▼▼▼

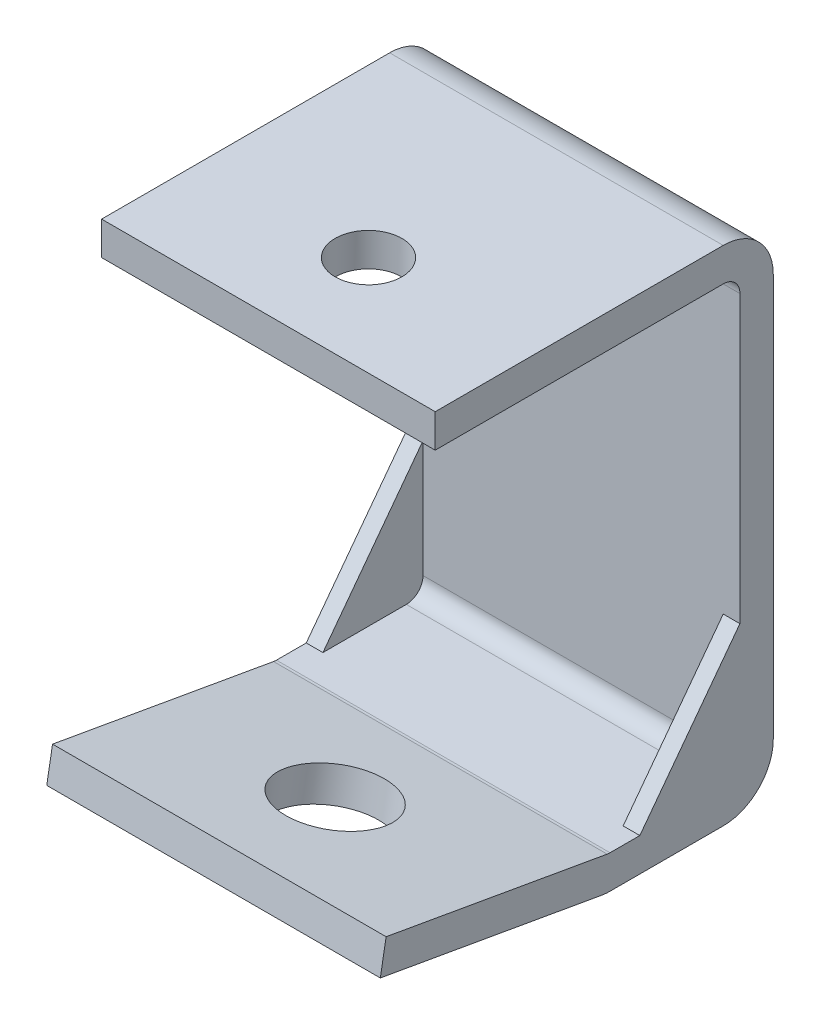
ISO-10303-21;
HEADER;
FILE_DESCRIPTION(('STEP AP214'),'2;1');
FILE_NAME('part.step','',(''),(''),'','','');
FILE_SCHEMA(('AUTOMOTIVE_DESIGN { 1 0 10303 214 1 1 1 1 }'));
ENDSEC;
DATA;
#1=APPLICATION_CONTEXT('core data for automotive mechanical design processes');
#2=APPLICATION_PROTOCOL_DEFINITION('international standard','automotive_design',2000,#1);
#3=PRODUCT_CONTEXT('',#1,'mechanical');
#4=PRODUCT('Part','Part','',(#3));
#5=PRODUCT_RELATED_PRODUCT_CATEGORY('part','',(#4));
#6=PRODUCT_DEFINITION_FORMATION('','',#4);
#7=PRODUCT_DEFINITION_CONTEXT('part definition',#1,'design');
#8=PRODUCT_DEFINITION('design','',#6,#7);
#9=PRODUCT_DEFINITION_SHAPE('','',#8);
#10=(LENGTH_UNIT() NAMED_UNIT(*) SI_UNIT(.MILLI.,.METRE.));
#11=(NAMED_UNIT(*) PLANE_ANGLE_UNIT() SI_UNIT($,.RADIAN.));
#12=(NAMED_UNIT(*) SI_UNIT($,.STERADIAN.) SOLID_ANGLE_UNIT());
#13=UNCERTAINTY_MEASURE_WITH_UNIT(LENGTH_MEASURE(1.E-05),#10,'distance_accuracy_value','');
#14=(GEOMETRIC_REPRESENTATION_CONTEXT(3) GLOBAL_UNCERTAINTY_ASSIGNED_CONTEXT((#13)) GLOBAL_UNIT_ASSIGNED_CONTEXT((#10,
#11,#12)) REPRESENTATION_CONTEXT('',''));
#15=CARTESIAN_POINT('',(0.,0.,0.));
#16=DIRECTION('',(0.,0.,1.));
#17=DIRECTION('',(1.,0.,0.));
#18=AXIS2_PLACEMENT_3D('',#15,#16,#17);
#19=CARTESIAN_POINT('',(31.75,3.175,3.175));
#20=DIRECTION('',(-1.,0.,0.));
#21=DIRECTION('',(0.,0.,1.));
#22=AXIS2_PLACEMENT_3D('',#19,#20,#21);
#23=CYLINDRICAL_SURFACE('',#22,3.175);
#24=DIRECTION('',(-1.,0.,0.));
#25=VECTOR('',#24,1.);
#26=CARTESIAN_POINT('',(31.75,3.175,0.));
#27=LINE('',#26,#25);
#28=CARTESIAN_POINT('',(28.575,3.175,0.));
#29=VERTEX_POINT('',#28);
#30=CARTESIAN_POINT('',(-28.575,3.175,0.));
#31=VERTEX_POINT('',#30);
#32=EDGE_CURVE('E325',#29,#31,#27,.T.);
#33=ORIENTED_EDGE('',*,*,#32,.T.);
#34=CARTESIAN_POINT('',(-28.575,3.175,3.175));
#35=DIRECTION('',(1.,0.,0.));
#36=DIRECTION('',(0.,0.,-1.));
#37=AXIS2_PLACEMENT_3D('',#34,#35,#36);
#38=CIRCLE('',#37,3.175);
#39=CARTESIAN_POINT('',(-28.575,0.,3.175));
#40=VERTEX_POINT('',#39);
#41=EDGE_CURVE('E197',#40,#31,#38,.T.);
#42=ORIENTED_EDGE('',*,*,#41,.F.);
#43=DIRECTION('',(-1.,0.,0.));
#44=VECTOR('',#43,1.);
#45=CARTESIAN_POINT('',(31.75,0.,3.175));
#46=LINE('',#45,#44);
#47=CARTESIAN_POINT('',(28.575,0.,3.175));
#48=VERTEX_POINT('',#47);
#49=EDGE_CURVE('E196',#48,#40,#46,.T.);
#50=ORIENTED_EDGE('',*,*,#49,.F.);
#51=CARTESIAN_POINT('',(28.575,3.175,3.175));
#52=DIRECTION('',(1.,0.,0.));
#53=DIRECTION('',(0.,0.,-1.));
#54=AXIS2_PLACEMENT_3D('',#51,#52,#53);
#55=CIRCLE('',#54,3.175);
#56=EDGE_CURVE('E208',#48,#29,#55,.T.);
#57=ORIENTED_EDGE('',*,*,#56,.T.);
#58=EDGE_LOOP('',(#33,#42,#50,#57));
#59=FACE_BOUND('',#58,.T.);
#60=ADVANCED_FACE('F37',(#59),#23,.F.);
#61=CARTESIAN_POINT('',(31.75,3.175,0.));
#62=DIRECTION('',(0.,0.,1.));
#63=DIRECTION('',(1.,0.,0.));
#64=AXIS2_PLACEMENT_3D('',#61,#62,#63);
#65=PLANE('',#64);
#66=DIRECTION('',(-1.,0.,0.));
#67=VECTOR('',#66,1.);
#68=CARTESIAN_POINT('',(-28.575,25.4,0.));
#69=LINE('',#68,#67);
#70=CARTESIAN_POINT('',(-28.575,25.4,0.));
#71=VERTEX_POINT('',#70);
#72=CARTESIAN_POINT('',(-31.75,25.4,0.));
#73=VERTEX_POINT('',#72);
#74=EDGE_CURVE('E184',#71,#73,#69,.T.);
#75=ORIENTED_EDGE('',*,*,#74,.F.);
#76=DIRECTION('',(0.,1.,0.));
#77=VECTOR('',#76,1.);
#78=CARTESIAN_POINT('',(-28.575,3.175,0.));
#79=LINE('',#78,#77);
#80=EDGE_CURVE('E191',#31,#71,#79,.T.);
#81=ORIENTED_EDGE('',*,*,#80,.F.);
#82=ORIENTED_EDGE('',*,*,#32,.F.);
#83=DIRECTION('',(0.,1.,0.));
#84=VECTOR('',#83,1.);
#85=CARTESIAN_POINT('',(28.575,3.175,0.));
#86=LINE('',#85,#84);
#87=CARTESIAN_POINT('',(28.575,25.4,0.));
#88=VERTEX_POINT('',#87);
#89=EDGE_CURVE('E61',#29,#88,#86,.T.);
#90=ORIENTED_EDGE('',*,*,#89,.T.);
#91=DIRECTION('',(1.,0.,0.));
#92=VECTOR('',#91,1.);
#93=CARTESIAN_POINT('',(28.575,25.4,0.));
#94=LINE('',#93,#92);
#95=CARTESIAN_POINT('',(31.75,25.4,0.));
#96=VERTEX_POINT('',#95);
#97=EDGE_CURVE('E217',#88,#96,#94,.T.);
#98=ORIENTED_EDGE('',*,*,#97,.T.);
#99=DIRECTION('',(0.,1.,0.));
#100=VECTOR('',#99,1.);
#101=CARTESIAN_POINT('',(31.75,3.175,0.));
#102=LINE('',#101,#100);
#103=CARTESIAN_POINT('',(31.75,79.825,0.));
#104=VERTEX_POINT('',#103);
#105=EDGE_CURVE('E238',#96,#104,#102,.T.);
#106=ORIENTED_EDGE('',*,*,#105,.T.);
#107=DIRECTION('',(-1.,0.,0.));
#108=VECTOR('',#107,1.);
#109=CARTESIAN_POINT('',(31.75,79.825,0.));
#110=LINE('',#109,#108);
#111=CARTESIAN_POINT('',(-31.75,79.825,0.));
#112=VERTEX_POINT('',#111);
#113=EDGE_CURVE('E328',#104,#112,#110,.T.);
#114=ORIENTED_EDGE('',*,*,#113,.T.);
#115=DIRECTION('',(0.,1.,0.));
#116=VECTOR('',#115,1.);
#117=CARTESIAN_POINT('',(-31.75,3.175,0.));
#118=LINE('',#117,#116);
#119=EDGE_CURVE('E275',#73,#112,#118,.T.);
#120=ORIENTED_EDGE('',*,*,#119,.F.);
#121=EDGE_LOOP('',(#75,#81,#82,#90,#98,#106,#114,#120));
#122=FACE_BOUND('',#121,.T.);
#123=ADVANCED_FACE('F418',(#122),#65,.T.);
#124=CARTESIAN_POINT('',(31.75,0.,24.7222234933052));
#125=DIRECTION('',(0.,1.,0.));
#126=DIRECTION('',(0.,0.,1.));
#127=AXIS2_PLACEMENT_3D('',#124,#125,#126);
#128=PLANE('',#127);
#129=DIRECTION('',(-1.,0.,0.));
#130=VECTOR('',#129,1.);
#131=CARTESIAN_POINT('',(-28.575,0.,19.05));
#132=LINE('',#131,#130);
#133=CARTESIAN_POINT('',(-28.575,0.,19.05));
#134=VERTEX_POINT('',#133);
#135=CARTESIAN_POINT('',(-31.75,0.,19.05));
#136=VERTEX_POINT('',#135);
#137=EDGE_CURVE('E175',#134,#136,#132,.T.);
#138=ORIENTED_EDGE('',*,*,#137,.T.);
#139=DIRECTION('',(0.,0.,-1.));
#140=VECTOR('',#139,1.);
#141=CARTESIAN_POINT('',(-31.75,0.,24.7222234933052));
#142=LINE('',#141,#140);
#143=CARTESIAN_POINT('',(-31.75,0.,24.7222234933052));
#144=VERTEX_POINT('',#143);
#145=EDGE_CURVE('E277',#144,#136,#142,.T.);
#146=ORIENTED_EDGE('',*,*,#145,.F.);
#147=DIRECTION('',(-1.,0.,0.));
#148=VECTOR('',#147,1.);
#149=CARTESIAN_POINT('',(31.75,0.,24.7222234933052));
#150=LINE('',#149,#148);
#151=CARTESIAN_POINT('',(31.75,0.,24.7222234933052));
#152=VERTEX_POINT('',#151);
#153=EDGE_CURVE('E322',#152,#144,#150,.T.);
#154=ORIENTED_EDGE('',*,*,#153,.F.);
#155=DIRECTION('',(0.,0.,-1.));
#156=VECTOR('',#155,1.);
#157=CARTESIAN_POINT('',(31.75,0.,24.7222234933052));
#158=LINE('',#157,#156);
#159=CARTESIAN_POINT('',(31.75,0.,19.05));
#160=VERTEX_POINT('',#159);
#161=EDGE_CURVE('E240',#152,#160,#158,.T.);
#162=ORIENTED_EDGE('',*,*,#161,.T.);
#163=DIRECTION('',(1.,0.,0.));
#164=VECTOR('',#163,1.);
#165=CARTESIAN_POINT('',(28.575,0.,19.05));
#166=LINE('',#165,#164);
#167=CARTESIAN_POINT('',(28.575,0.,19.05));
#168=VERTEX_POINT('',#167);
#169=EDGE_CURVE('E212',#168,#160,#166,.T.);
#170=ORIENTED_EDGE('',*,*,#169,.F.);
#171=DIRECTION('',(0.,0.,-1.));
#172=VECTOR('',#171,1.);
#173=CARTESIAN_POINT('',(28.575,0.,19.05));
#174=LINE('',#173,#172);
#175=EDGE_CURVE('E210',#168,#48,#174,.T.);
#176=ORIENTED_EDGE('',*,*,#175,.T.);
#177=ORIENTED_EDGE('',*,*,#49,.T.);
#178=DIRECTION('',(0.,0.,-1.));
#179=VECTOR('',#178,1.);
#180=CARTESIAN_POINT('',(-28.575,0.,19.05));
#181=LINE('',#180,#179);
#182=EDGE_CURVE('E188',#134,#40,#181,.T.);
#183=ORIENTED_EDGE('',*,*,#182,.F.);
#184=EDGE_LOOP('',(#138,#146,#154,#162,#170,#176,#177,#183));
#185=FACE_BOUND('',#184,.T.);
#186=ADVANCED_FACE('F194',(#185),#128,.T.);
#187=CARTESIAN_POINT('',(31.75,89.35,3.175));
#188=DIRECTION('',(0.,-1.,0.));
#189=DIRECTION('',(0.,0.,-1.));
#190=AXIS2_PLACEMENT_3D('',#187,#188,#189);
#191=PLANE('',#190);
#192=CARTESIAN_POINT('',(0.,89.35,38.95));
#193=DIRECTION('',(0.,1.,0.));
#194=DIRECTION('',(0.,0.,1.));
#195=AXIS2_PLACEMENT_3D('',#192,#193,#194);
#196=CIRCLE('',#195,6.35);
#197=CARTESIAN_POINT('',(0.,89.35,45.3));
#198=VERTEX_POINT('',#197);
#199=EDGE_CURVE('E222',#198,#198,#196,.T.);
#200=ORIENTED_EDGE('',*,*,#199,.F.);
#201=EDGE_LOOP('',(#200));
#202=FACE_BOUND('',#201,.T.);
#203=DIRECTION('',(0.,0.,1.));
#204=VECTOR('',#203,1.);
#205=CARTESIAN_POINT('',(-31.75,89.35,3.175));
#206=LINE('',#205,#204);
#207=CARTESIAN_POINT('',(-31.75,89.35,3.175));
#208=VERTEX_POINT('',#207);
#209=CARTESIAN_POINT('',(-31.75,89.35,58.));
#210=VERTEX_POINT('',#209);
#211=EDGE_CURVE('E225',#208,#210,#206,.T.);
#212=ORIENTED_EDGE('',*,*,#211,.T.);
#213=DIRECTION('',(-1.,0.,0.));
#214=VECTOR('',#213,1.);
#215=CARTESIAN_POINT('',(31.75,89.35,58.));
#216=LINE('',#215,#214);
#217=CARTESIAN_POINT('',(31.75,89.35,58.));
#218=VERTEX_POINT('',#217);
#219=EDGE_CURVE('E11',#218,#210,#216,.T.);
#220=ORIENTED_EDGE('',*,*,#219,.F.);
#221=DIRECTION('',(0.,0.,1.));
#222=VECTOR('',#221,1.);
#223=CARTESIAN_POINT('',(31.75,89.35,3.175));
#224=LINE('',#223,#222);
#225=CARTESIAN_POINT('',(31.75,89.35,3.175));
#226=VERTEX_POINT('',#225);
#227=EDGE_CURVE('E226',#226,#218,#224,.T.);
#228=ORIENTED_EDGE('',*,*,#227,.F.);
#229=DIRECTION('',(-1.,0.,0.));
#230=VECTOR('',#229,1.);
#231=CARTESIAN_POINT('',(31.75,89.35,3.175));
#232=LINE('',#231,#230);
#233=EDGE_CURVE('E263',#226,#208,#232,.T.);
#234=ORIENTED_EDGE('',*,*,#233,.T.);
#235=EDGE_LOOP('',(#212,#220,#228,#234));
#236=FACE_BOUND('',#235,.T.);
#237=ADVANCED_FACE('F39',(#202,#236),#191,.F.);
#238=CARTESIAN_POINT('',(31.75,83.,58.));
#239=DIRECTION('',(0.,0.,1.));
#240=DIRECTION('',(0.,-1.,0.));
#241=AXIS2_PLACEMENT_3D('',#238,#239,#240);
#242=PLANE('',#241);
#243=DIRECTION('',(0.,1.,0.));
#244=VECTOR('',#243,1.);
#245=CARTESIAN_POINT('',(-31.75,83.,58.));
#246=LINE('',#245,#244);
#247=CARTESIAN_POINT('',(-31.75,83.,58.));
#248=VERTEX_POINT('',#247);
#249=EDGE_CURVE('E266',#248,#210,#246,.T.);
#250=ORIENTED_EDGE('',*,*,#249,.F.);
#251=DIRECTION('',(-1.,0.,0.));
#252=VECTOR('',#251,1.);
#253=CARTESIAN_POINT('',(31.75,83.,58.));
#254=LINE('',#253,#252);
#255=CARTESIAN_POINT('',(31.75,83.,58.));
#256=VERTEX_POINT('',#255);
#257=EDGE_CURVE('E46',#256,#248,#254,.T.);
#258=ORIENTED_EDGE('',*,*,#257,.F.);
#259=DIRECTION('',(0.,1.,0.));
#260=VECTOR('',#259,1.);
#261=CARTESIAN_POINT('',(31.75,83.,58.));
#262=LINE('',#261,#260);
#263=EDGE_CURVE('E228',#256,#218,#262,.T.);
#264=ORIENTED_EDGE('',*,*,#263,.T.);
#265=ORIENTED_EDGE('',*,*,#219,.T.);
#266=EDGE_LOOP('',(#250,#258,#264,#265));
#267=FACE_BOUND('',#266,.T.);
#268=ADVANCED_FACE('F340',(#267),#242,.T.);
#269=CARTESIAN_POINT('',(31.75,83.,3.175));
#270=DIRECTION('',(0.,-1.,0.));
#271=DIRECTION('',(0.,0.,-1.));
#272=AXIS2_PLACEMENT_3D('',#269,#270,#271);
#273=PLANE('',#272);
#274=CARTESIAN_POINT('',(0.,83.,38.95));
#275=DIRECTION('',(0.,-1.,0.));
#276=DIRECTION('',(0.,0.,-1.));
#277=AXIS2_PLACEMENT_3D('',#274,#275,#276);
#278=CIRCLE('',#277,6.35);
#279=CARTESIAN_POINT('',(0.,83.,32.6));
#280=VERTEX_POINT('',#279);
#281=EDGE_CURVE('E219',#280,#280,#278,.F.);
#282=ORIENTED_EDGE('',*,*,#281,.T.);
#283=EDGE_LOOP('',(#282));
#284=FACE_BOUND('',#283,.T.);
#285=DIRECTION('',(0.,0.,1.));
#286=VECTOR('',#285,1.);
#287=CARTESIAN_POINT('',(-31.75,83.,3.175));
#288=LINE('',#287,#286);
#289=CARTESIAN_POINT('',(-31.75,83.,3.175));
#290=VERTEX_POINT('',#289);
#291=EDGE_CURVE('E269',#290,#248,#288,.T.);
#292=ORIENTED_EDGE('',*,*,#291,.F.);
#293=DIRECTION('',(-1.,0.,0.));
#294=VECTOR('',#293,1.);
#295=CARTESIAN_POINT('',(31.75,83.,3.175));
#296=LINE('',#295,#294);
#297=CARTESIAN_POINT('',(31.75,83.,3.175));
#298=VERTEX_POINT('',#297);
#299=EDGE_CURVE('E331',#298,#290,#296,.T.);
#300=ORIENTED_EDGE('',*,*,#299,.F.);
#301=DIRECTION('',(0.,0.,1.));
#302=VECTOR('',#301,1.);
#303=CARTESIAN_POINT('',(31.75,83.,3.175));
#304=LINE('',#303,#302);
#305=EDGE_CURVE('E232',#298,#256,#304,.T.);
#306=ORIENTED_EDGE('',*,*,#305,.T.);
#307=ORIENTED_EDGE('',*,*,#257,.T.);
#308=EDGE_LOOP('',(#292,#300,#306,#307));
#309=FACE_BOUND('',#308,.T.);
#310=ADVANCED_FACE('F336',(#284,#309),#273,.T.);
#311=CARTESIAN_POINT('',(31.75,79.825,3.175));
#312=DIRECTION('',(-1.,0.,0.));
#313=DIRECTION('',(0.,0.,1.));
#314=AXIS2_PLACEMENT_3D('',#311,#312,#313);
#315=CYLINDRICAL_SURFACE('',#314,3.175);
#316=CARTESIAN_POINT('',(-31.75,79.825,3.175));
#317=DIRECTION('',(1.,0.,0.));
#318=DIRECTION('',(0.,0.,-1.));
#319=AXIS2_PLACEMENT_3D('',#316,#317,#318);
#320=CIRCLE('',#319,3.175);
#321=EDGE_CURVE('E272',#112,#290,#320,.T.);
#322=ORIENTED_EDGE('',*,*,#321,.F.);
#323=ORIENTED_EDGE('',*,*,#113,.F.);
#324=CARTESIAN_POINT('',(31.75,79.825,3.175));
#325=DIRECTION('',(1.,0.,0.));
#326=DIRECTION('',(0.,0.,-1.));
#327=AXIS2_PLACEMENT_3D('',#324,#325,#326);
#328=CIRCLE('',#327,3.175);
#329=EDGE_CURVE('E235',#104,#298,#328,.T.);
#330=ORIENTED_EDGE('',*,*,#329,.T.);
#331=ORIENTED_EDGE('',*,*,#299,.T.);
#332=EDGE_LOOP('',(#322,#323,#330,#331));
#333=FACE_BOUND('',#332,.T.);
#334=ADVANCED_FACE('F348',(#333),#315,.F.);
#335=CARTESIAN_POINT('',(31.75,3.175,24.7222234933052));
#336=DIRECTION('',(-1.,0.,0.));
#337=DIRECTION('',(0.,0.,1.));
#338=AXIS2_PLACEMENT_3D('',#335,#336,#337);
#339=CYLINDRICAL_SURFACE('',#338,3.175);
#340=CARTESIAN_POINT('',(-31.75,3.175,24.7222234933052));
#341=DIRECTION('',(1.,0.,0.));
#342=DIRECTION('',(0.,0.,-1.));
#343=AXIS2_PLACEMENT_3D('',#340,#341,#342);
#344=CIRCLE('',#343,3.175);
#345=CARTESIAN_POINT('',(-31.75,0.0482353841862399,25.2735564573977));
#346=VERTEX_POINT('',#345);
#347=EDGE_CURVE('E279',#346,#144,#344,.T.);
#348=ORIENTED_EDGE('',*,*,#347,.F.);
#349=DIRECTION('',(-1.,0.,0.));
#350=VECTOR('',#349,1.);
#351=CARTESIAN_POINT('',(31.75,0.0482353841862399,25.2735564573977));
#352=LINE('',#351,#350);
#353=CARTESIAN_POINT('',(31.75,0.0482353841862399,25.2735564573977));
#354=VERTEX_POINT('',#353);
#355=EDGE_CURVE('E320',#354,#346,#352,.T.);
#356=ORIENTED_EDGE('',*,*,#355,.F.);
#357=CARTESIAN_POINT('',(31.75,3.175,24.7222234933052));
#358=DIRECTION('',(1.,0.,0.));
#359=DIRECTION('',(0.,0.,-1.));
#360=AXIS2_PLACEMENT_3D('',#357,#358,#359);
#361=CIRCLE('',#360,3.175);
#362=EDGE_CURVE('E242',#354,#152,#361,.T.);
#363=ORIENTED_EDGE('',*,*,#362,.T.);
#364=ORIENTED_EDGE('',*,*,#153,.T.);
#365=EDGE_LOOP('',(#348,#356,#363,#364));
#366=FACE_BOUND('',#365,.T.);
#367=ADVANCED_FACE('F395',(#366),#339,.F.);
#368=CARTESIAN_POINT('',(31.75,7.46687163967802,67.3467333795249));
#369=DIRECTION('',(0.,0.984807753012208,-0.173648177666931));
#370=DIRECTION('',(0.,0.173648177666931,0.984807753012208));
#371=AXIS2_PLACEMENT_3D('',#368,#369,#370);
#372=PLANE('',#371);
#373=CARTESIAN_POINT('',(0.,3.58056344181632,45.3063843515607));
#374=DIRECTION('',(0.,0.984807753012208,-0.173648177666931));
#375=DIRECTION('',(0.,0.173648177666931,0.984807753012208));
#376=AXIS2_PLACEMENT_3D('',#373,#374,#375);
#377=CIRCLE('',#376,9.525);
#378=CARTESIAN_POINT('',(0.,5.23456233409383,54.6866781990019));
#379=VERTEX_POINT('',#378);
#380=EDGE_CURVE('E553',#379,#379,#377,.T.);
#381=ORIENTED_EDGE('',*,*,#380,.F.);
#382=EDGE_LOOP('',(#381));
#383=FACE_BOUND('',#382,.T.);
#384=DIRECTION('',(0.,-0.173648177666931,-0.984807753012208));
#385=VECTOR('',#384,1.);
#386=CARTESIAN_POINT('',(-31.75,7.46687163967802,67.3467333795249));
#387=LINE('',#386,#385);
#388=CARTESIAN_POINT('',(-31.75,7.46687163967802,67.3467333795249));
#389=VERTEX_POINT('',#388);
#390=EDGE_CURVE('E282',#389,#346,#387,.T.);
#391=ORIENTED_EDGE('',*,*,#390,.F.);
#392=DIRECTION('',(-1.,0.,0.));
#393=VECTOR('',#392,1.);
#394=CARTESIAN_POINT('',(31.75,7.46687163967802,67.3467333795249));
#395=LINE('',#394,#393);
#396=CARTESIAN_POINT('',(31.75,7.46687163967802,67.3467333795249));
#397=VERTEX_POINT('',#396);
#398=EDGE_CURVE('E318',#397,#389,#395,.T.);
#399=ORIENTED_EDGE('',*,*,#398,.F.);
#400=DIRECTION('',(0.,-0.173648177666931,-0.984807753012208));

▲▲▲

DIRECTIONS FOR THIS TASK:
Lines from the start of the material through the line containing "#5=PRODUCT_RELATED_PRODUCT_CATEGORY('part','',(#4));" are to be restated word for word; no picture may be included.

ANSWER:
ISO-10303-21;
HEADER;
FILE_DESCRIPTION(('STEP AP214'),'2;1');
FILE_NAME('part.step','',(''),(''),'','','');
FILE_SCHEMA(('AUTOMOTIVE_DESIGN { 1 0 10303 214 1 1 1 1 }'));
ENDSEC;
DATA;
#1=APPLICATION_CONTEXT('core data for automotive mechanical design processes');
#2=APPLICATION_PROTOCOL_DEFINITION('international standard','automotive_design',2000,#1);
#3=PRODUCT_CONTEXT('',#1,'mechanical');
#4=PRODUCT('Part','Part','',(#3));
#5=PRODUCT_RELATED_PRODUCT_CATEGORY('part','',(#4));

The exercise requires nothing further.